One of the world’s most famous sailing ships has returned to San Diego after 180 years!
Well–ahem–actually, a replica of the Pilgrim, the ship that became immortal in Richard Henry Dana’s classic book Two Years Before the Mast, sailed into San Diego Bay a few days ago. It’s one of many beautiful tall ships participating in this Labor Day weekend’s 2014 Festival of Sail.
This morning I got a bunch of pics of the festival and all the amazing ships along the Embarcadero.
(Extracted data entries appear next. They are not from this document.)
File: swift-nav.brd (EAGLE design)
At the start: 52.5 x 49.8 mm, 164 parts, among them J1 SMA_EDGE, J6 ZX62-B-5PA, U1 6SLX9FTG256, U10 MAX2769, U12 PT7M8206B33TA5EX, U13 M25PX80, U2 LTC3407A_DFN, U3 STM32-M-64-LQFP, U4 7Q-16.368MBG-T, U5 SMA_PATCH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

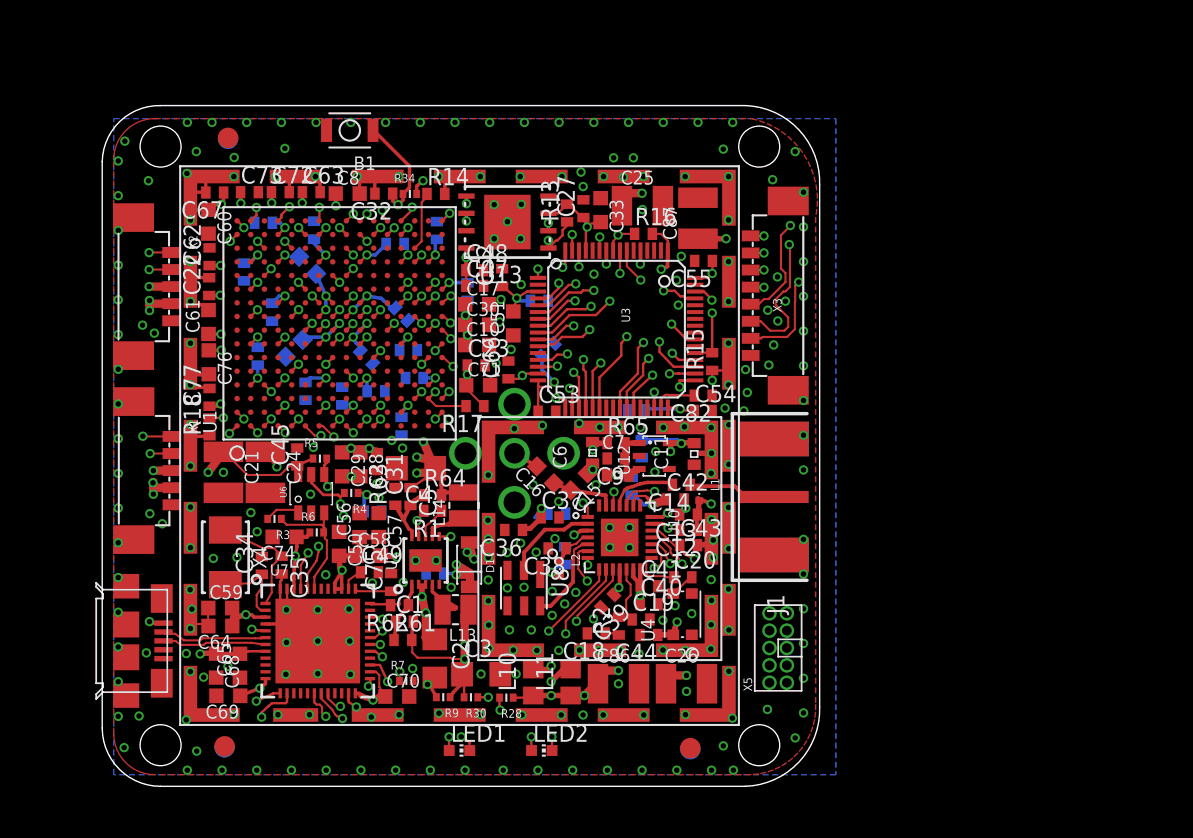
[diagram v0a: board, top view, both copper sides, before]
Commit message: Fixing DRC errors on board
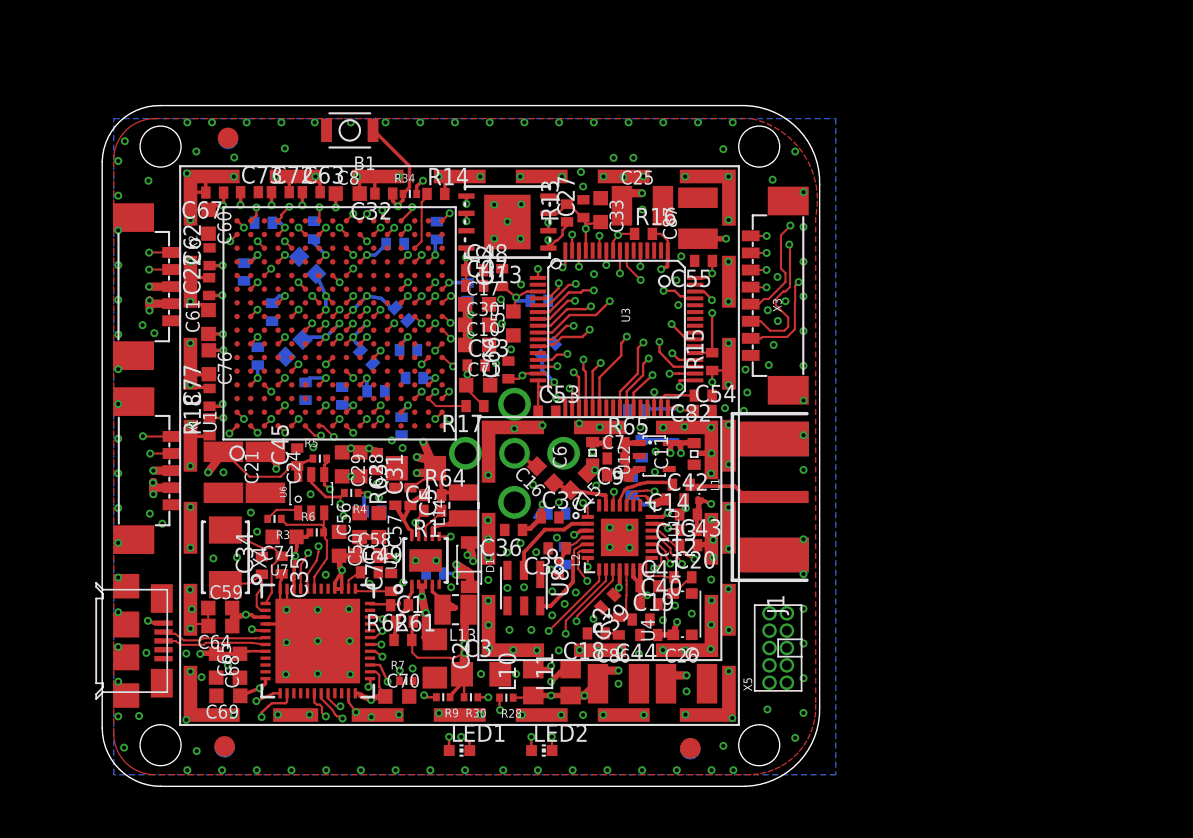
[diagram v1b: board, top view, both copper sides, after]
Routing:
- net VCC: track 34.4 -> 36.9 mm
- net VCCINT: track 59.3 -> 61.8 mm
- net VCCIO: track 184.8 -> 185.4 mm

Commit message: DRC complete
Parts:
- moved C88 0.46 mm to (26.1, 31.3)
- moved C94 0.26 mm to (36.9, 24.7)
- moved C46 0.14 mm to (18.9, 43.0)
- moved C45 0.13 mm to (18.0, 29.2)
- moved C93 0.13 mm to (37.6, 21.7)
- moved C103 0.10 mm to (25.1, 44.8)
- moved U6 0.10 mm to (19.0, 26.3)
- moved C89 0.10 mm to (21.2, 33.6)
- moved C104 0.10 mm to (15.6, 46.2)
- moved C14 0.09 mm to (46.0, 27.1)
- moved C21 0.08 mm to (12.6, 27.9)
- moved L13 0.08 mm to (29.6, 17.8)
- moved C100 0.06 mm to (19.2, 45.7)
- moved L1 0.06 mm to (47.5, 26.4)
- moved C102 0.05 mm to (15.1, 36.4)
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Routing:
- net FTDI_CLKOUT: track 23.7 -> 25.7 mm
- net GND: track 60.5 -> 61.9 mm
- net SPI2NSS_FLASH: track 87.4 -> 88.9 mm
- net SPI2SCK: track 126.2 -> 127.6 mm
- net VCCINT: track 61.8 -> 63.1 mm
- net SPI2MISO: track 35.6 -> 36.8 mm
- net N$19: track 2.43 -> 1.71 mm
- net DEBUG6: track 47.2 -> 46.5 mm
- net V+: track 111.4 -> 112.0 mm
- net N$21: track 42.4 -> 41.9 mm

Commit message: Corrected ground plane / traces under side mount SMA and straightened some traces
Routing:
- net JTAG_TMS: track 89.3 -> 208.2 mm, vias 3 -> 4
- net GND: track 61.9 -> 86.0 mm, vias 281 -> 282
- net UART1_TX: track 96.0 -> 100.6 mm, vias 2 -> 4
- net DEBUG5: track 50.6 -> 48.0 mm
- net VCCIO: track 185.5 -> 182.9 mm
- net UART1_RX: track 103.2 -> 105.6 mm, vias 3 -> 4
- net UART3_TX: track 123.0 -> 125.1 mm, vias 3 -> 4
- net UART3_RX: track 118.2 -> 120.2 mm, vias 3 -> 4
- net FTDI_CLKOUT: track 25.7 -> 24.2 mm
- net MAX_PGM: track 36.4 -> 35.2 mm
- net VCCINT: track 63.1 -> 62.3 mm
- net UART6_TX: track 85.5 -> 84.8 mm
- net JTAG_TDI: track 48.3 -> 48.8 mm, vias 1 -> 2
- net JTAG_TCK: track 100.6 -> 100.3 mm, vias 2 -> 3
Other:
- outline, holes or cut-outs redrawn

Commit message: Cleaned up routing somewhat, shortened trace lengths where easy to do so
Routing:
- net JTAG_TMS: track 208.2 -> 88.1 mm, vias 4 -> 3
- net SPI2SCK: track 127.6 -> 103.2 mm
- net JTAG_TCK: track 100.3 -> 76.7 mm
- net SPI2MOSI: track 127.7 -> 112.1 mm, vias 4 -> 6
- net SPI2NSS_FLASH: track 88.9 -> 77.5 mm
- net UART6_TX: track 84.8 -> 76.0 mm
- net VCCINT: track 62.3 -> 56.3 mm
- net JTAG_TDO: track 80.4 -> 75.0 mm, vias 4 -> 3
- net STM_TDO_FPGA_TDI: track 47.5 -> 42.4 mm
- net UART6_RX: track 89.5 -> 84.7 mm
- net MAX_PGM: track 35.2 -> 31.5 mm
- net N$21: track 41.9 -> 38.5 mm
- net SPI2NSS_FPGA: track 33.4 -> 29.9 mm
- net JTAG_TDI: track 48.8 -> 45.4 mm
- net N$29: track 32.7 -> 30.6 mm
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
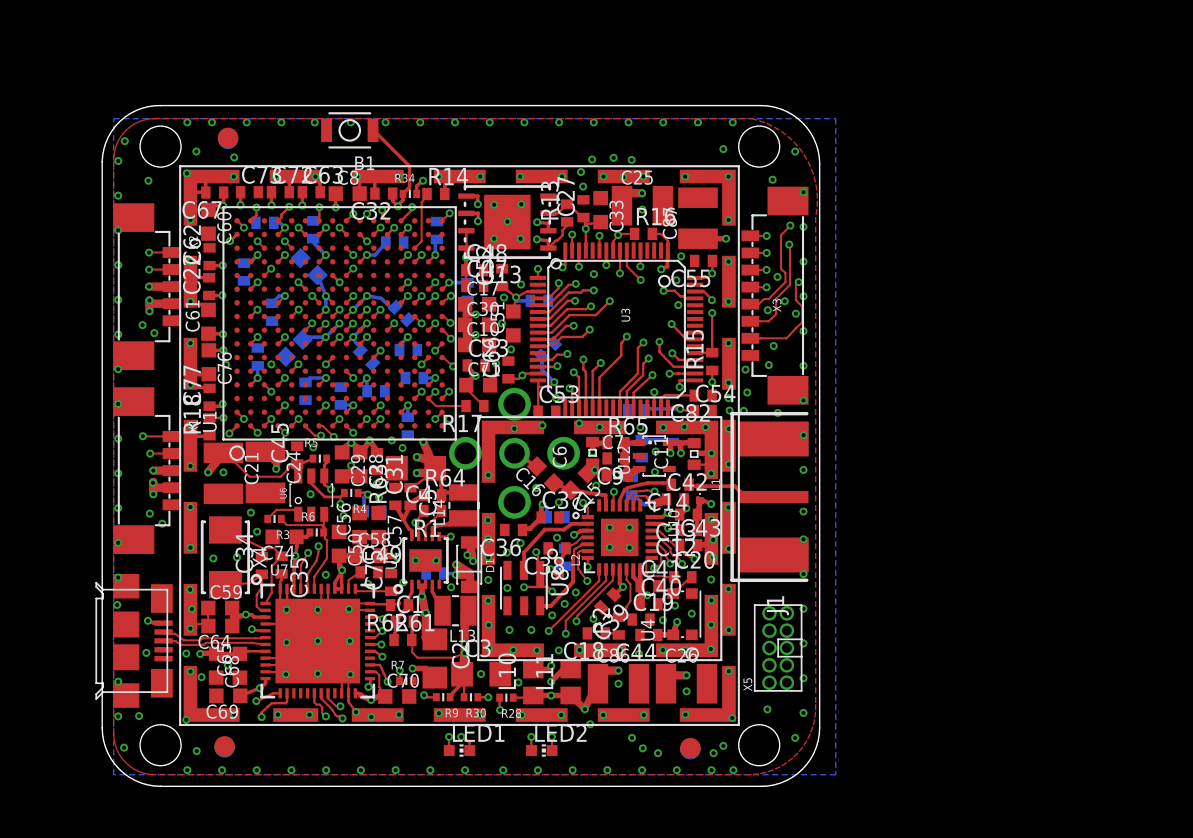
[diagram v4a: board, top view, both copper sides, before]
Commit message: Changed positions of picoblade headers and JTAG header, re-routing Rotated Spartan6 180 degrees
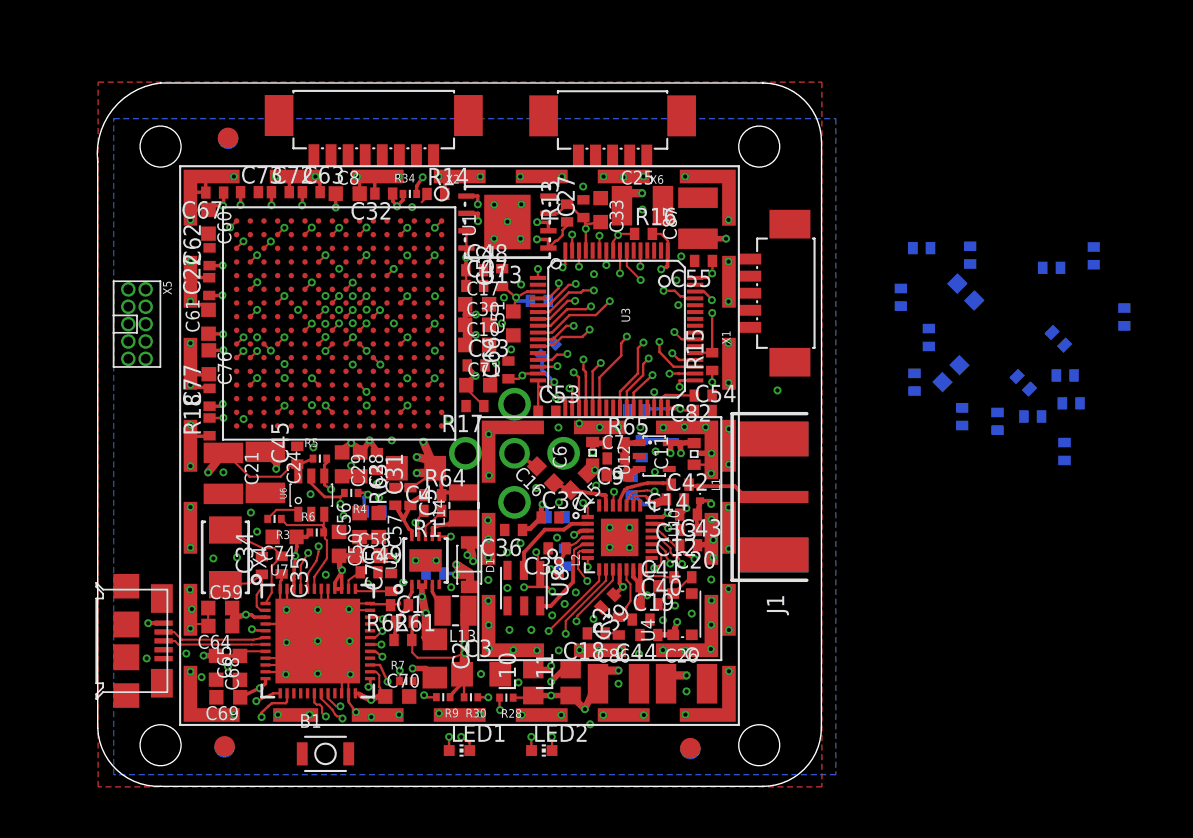
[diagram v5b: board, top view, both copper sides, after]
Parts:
- removed X3: (no value), pel_molex:PB-53398-08
- added X6: (no value), pel_molex:PB-53261-05
- X1: device pel_molex:PB-53398-05 -> pel_molex:PB-53261-05
- X2: device pel_molex:PB-53398-05 -> pel_molex:PB-53261-08
- moved X5 52.6 mm to (6.27, 38.8), turned to 270 degrees
- moved C100 48.1 mm to (67.2, 43.9)
- moved C80 48.1 mm to (71.1, 34.5)
- moved C95 48.1 mm to (71.8, 32.0)
- moved C99 48.1 mm to (74.2, 35.1)
- moved C81 48.1 mm to (78.5, 39.3)
- moved C88 48.1 mm to (74.1, 29.5)
- moved C101 48.1 mm to (62.2, 40.8)
- moved C102 48.1 mm to (63.2, 34.6)
- moved C103 48.1 mm to (73.2, 42.9)
- moved C104 48.1 mm to (63.7, 44.4)
- moved C105 48.1 mm to (64.2, 37.8)
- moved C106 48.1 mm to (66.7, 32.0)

But I decided to start off by writing a blog post about the Pilgrim, which has a warm spot in my heart.
Every so often I reread Two Years Before the Mast, when I get a hankering to revisit the true, very interesting and adventurous tale written by Dana about his difficult voyage around Cape Horn and along the mostly uninhabited California coast as a common sailor. For some reason I feel a strange kinship with the author. Whenever I enjoy the book, I always try to envision what his hardy cattle hide trading ship looked like.
Today’s replica of the brig Pilgrim began as a three-masted schooner built in 1945 in Denmark; it was then converted to a brig in 1975 in Portugal. Now it’s a floating classroom with the Ocean Institute in Dana Point, California. The ship was used in Amistad, a movie directed by Steven Spielberg. While no one knows precisely how the original Pilgrim appeared, it quite likely resembled the ship I visited this morning.
I assume the figurehead of Dana holds a scroll because he went on to become a Harvard-educated lawyer. He advocated for groundbreaking laws which protected the common sailor and made life at sea for many a bit less dangerous and unfair.
Sadly, the gentleman welcoming visitors on board (not the guy pictured) apparently had never read Two Years Before the Mast. He didn’t seem to know anything about Dana’s stay in San Diego, cleaning and curing cattle hides just inside the bay at Point Loma, riding with his friend inland to the old Mission, and having memorable good times in Old Town when San Diego was in its infancy.
I like the passages in Two Years Before the Mast where Dana describes his difficult adjustment to the seafaring life.
The above sign includes his reaction after following the cook’s advice: “I got a huge piece of strong, cold salt beef from the cook and kept gnawing upon it until twelve o’clock. When we went on deck, I felt somewhat like a man, and could begin to learn my sea duty with considerable spirit.”
The West Coast was a mostly desolate, seldom-visited frontier in those days long ago. It was a place of danger, difficult undertakings and true discovery. Sometimes during my easy walks around and about San Diego, I try to imagine the glorious horizons and raw natural beauty unaltered by modern development. It’s a place in time that now exists only in memory. And in great books.